The date set Sat. Jan. 19 Bear creek said we can use the club house so
Lets do a pot luck lunch I'm bring chili. Last year they had it set up were you sent a check to bear creek and Ill keep updates on who paid


----------



## gunner7848 (Feb 8, 2006)

Finishing up the details, you will send in 50% payment please ASAP price is $100 for 5 roosters. Need to know who is bring a dog and what item to pass. Drinks, food , snacks, desert, ETC. HUNT IS JAN. 19 SAT. MEET THERE 8-8:15AM
CHECKS 50% DEPOSIT SEND TO:
BEAR CREEK HUNT CLUB
6750 DELL RD
SALINE 48176
PLEASE PUT YOUR USER NAME ON THE CHECK SO WE NOW WHY PAID

*WHO'S IN*
GUNNER7848-3 PEOPLE-1 GERMAN SHORTHAIR-CHILI
DYMEN-1-dog-chips+salsa
JOKER1234-
MIDWESTFISHERMAN-
WINGMASTER12-LAB-cheese burger soup-
HRKPOINTINGLABS-2 PEOPLE-4 LABS-PHEASANT CHILI
BIGCOUNTRYSG-?
DAN FROM LAND&LAKE IMAGING WILL PHOTO SHOOT THE HUNT


----------



## HRKPOINTINGLABS (Jan 13, 2006)

HRK is 100% in 2 guys(minimum), 2 to 4 Labs and hot Pheasant Chili.

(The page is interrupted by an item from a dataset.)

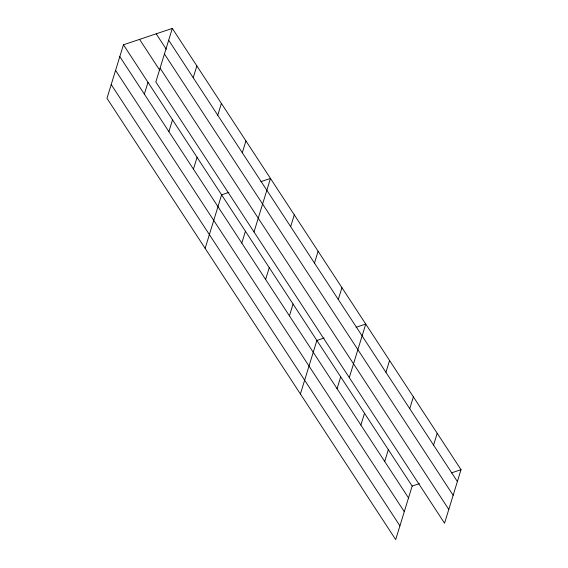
<?xml version="1.0" encoding="UTF-8"?>
<svg xmlns="http://www.w3.org/2000/svg" width="568" height="568" viewBox="0 0 568 568"><rect width="100%" height="100%" fill="white"/><g stroke="black" fill="none" stroke-linecap="round" stroke-linejoin="round"><path stroke-width="0.85" d="M123.441 44.794L106.976 98.314L395.69 539.6L412.155 486.08L123.441 44.794L172.31 28.4L461.024 469.686L444.559 523.206L155.845 81.92L172.31 28.4M144.343 94.125L147.985 82.303M168.888 131.634L172.523 119.812M193.212 77.731L196.847 65.909M193.425 169.143L197.068 157.322M217.75 115.247L221.392 103.419M205.14 248.351L221.605 194.831L228.861 192.396M242.295 152.756L245.93 140.928M241.783 243.061L245.426 231.233M254.01 231.957L270.474 178.437L260.797 181.682M265.604 279.463L269.246 267.642M290.653 226.667L294.288 214.846M289.424 315.872L293.06 304.043M314.473 263.076L318.108 251.248M300.415 393.979L316.88 340.452L324.136 338.017M338.294 299.478L341.929 287.656M337.065 388.682L340.701 376.861M349.284 377.585L365.749 324.065L356.072 327.31M360.879 425.091L364.521 413.263M385.928 372.296L389.57 360.467M384.699 461.493L388.334 449.671M409.748 408.697L413.383 396.876M433.569 445.106L437.204 433.277M412.155 486.08L419.411 483.645M451.347 472.931L461.024 469.686M168.675 40.221L457.382 481.515M156.186 33.81L166.289 49.253M164.436 53.988L453.15 495.275M160.077 68.16L448.791 509.446M139.572 39.384L159.778 70.269M119.805 56.615L408.52 497.902M115.574 70.375L404.288 511.661M111.207 84.554L399.922 525.84"/></g></svg>

We can run dogs for 2 groups if needed.


----------



## FIJI (May 15, 2003)

but scratch me from the list for this one. Maybe next time


----------



## MiketheElder (Jun 23, 2003)

Just tracking this thread. I've never pheasant hunted but it's something I want to try before I get too old to stomp around a field or two.


----------



## Paco (Dec 18, 2006)

I'm in,and MiketheElder,you are welcome to hunt behind my dog.Will make a phone call or two to try to bring a co-pilot.As of right now One guy,one dog/Lab. Don't need to shoot,willing to work the dog for a couple-three guns,if needed. Gunner,I will PM about the food/beverage etc. Hey!Dale&Mark if weather does'nt get in the way,this could be a reunion of sorts.:evilsmile Regards, Paco and the G'Force


----------



## Hammerin' Hank (Nov 1, 2005)

How are the groups to be seperated? I know how upset some of you pointer/setter people can be when labs flush all the birds:evil:, so are the field's going to be seperated? Different groups going out at different times?

Sean


----------



## gunner7848 (Feb 8, 2006)

Personally I love having a flushing lab while hunting my shorthair that's how I hunt with my friend, no need to walk up to flush the bird the lab does that for us on command. Groups will be set up when we get there. Groups last year had labs together and pointers together and two dogs per 4 people. We all hunt at the same time but in different areas. I think the labs last year were pointer labs. I will run my dog with any dog young or old, flushing or pointing so bring the dog. 
If your not hunting and want to bring your dog, as of right now we have a good people to dog ratio.
Reminder payments that are not in a week before the hunt will be seen as not going. Make sure you put your user name on the check. 
*WHO'S IN-10 people and 2?*
GUNNER7848-4-PEOPLE-3 GERMAN SHORTHAIR-CHILI
DYMEN-1-dog-chips+salsa
JOKER1234-?
MIDWESTFISHERMAN-
WINGMASTER12-LAB-cheese burger soup-
HRKPOINTINGLABS-2 PEOPLE-4 LABS-PHEASANT CHILI
BIGCOUNTRYSG-?
PACO-lab
DAN FROM LAND&LAKE IMAGING WILL PHOTO SHOOT THE HUNT
*PAID*


----------



## HRKPOINTINGLABS (Jan 13, 2006)

Hammerin' Hank said:


> How are the groups to be seperated? I know how upset some of you pointer/setter people can be when labs flush all the birds:evil:, so are the field's going to be seperated? Different groups going out at different times?
> 
> Sean


 We went last year and it was a great time. They divided the fields into 3 different sections with 3 different groups and we did 2 sets of birds. After the group hunting was done everyone joined up and made one final pass together thru the fields. It was a little wet if I remember , but Bear Creek has great fields, thick.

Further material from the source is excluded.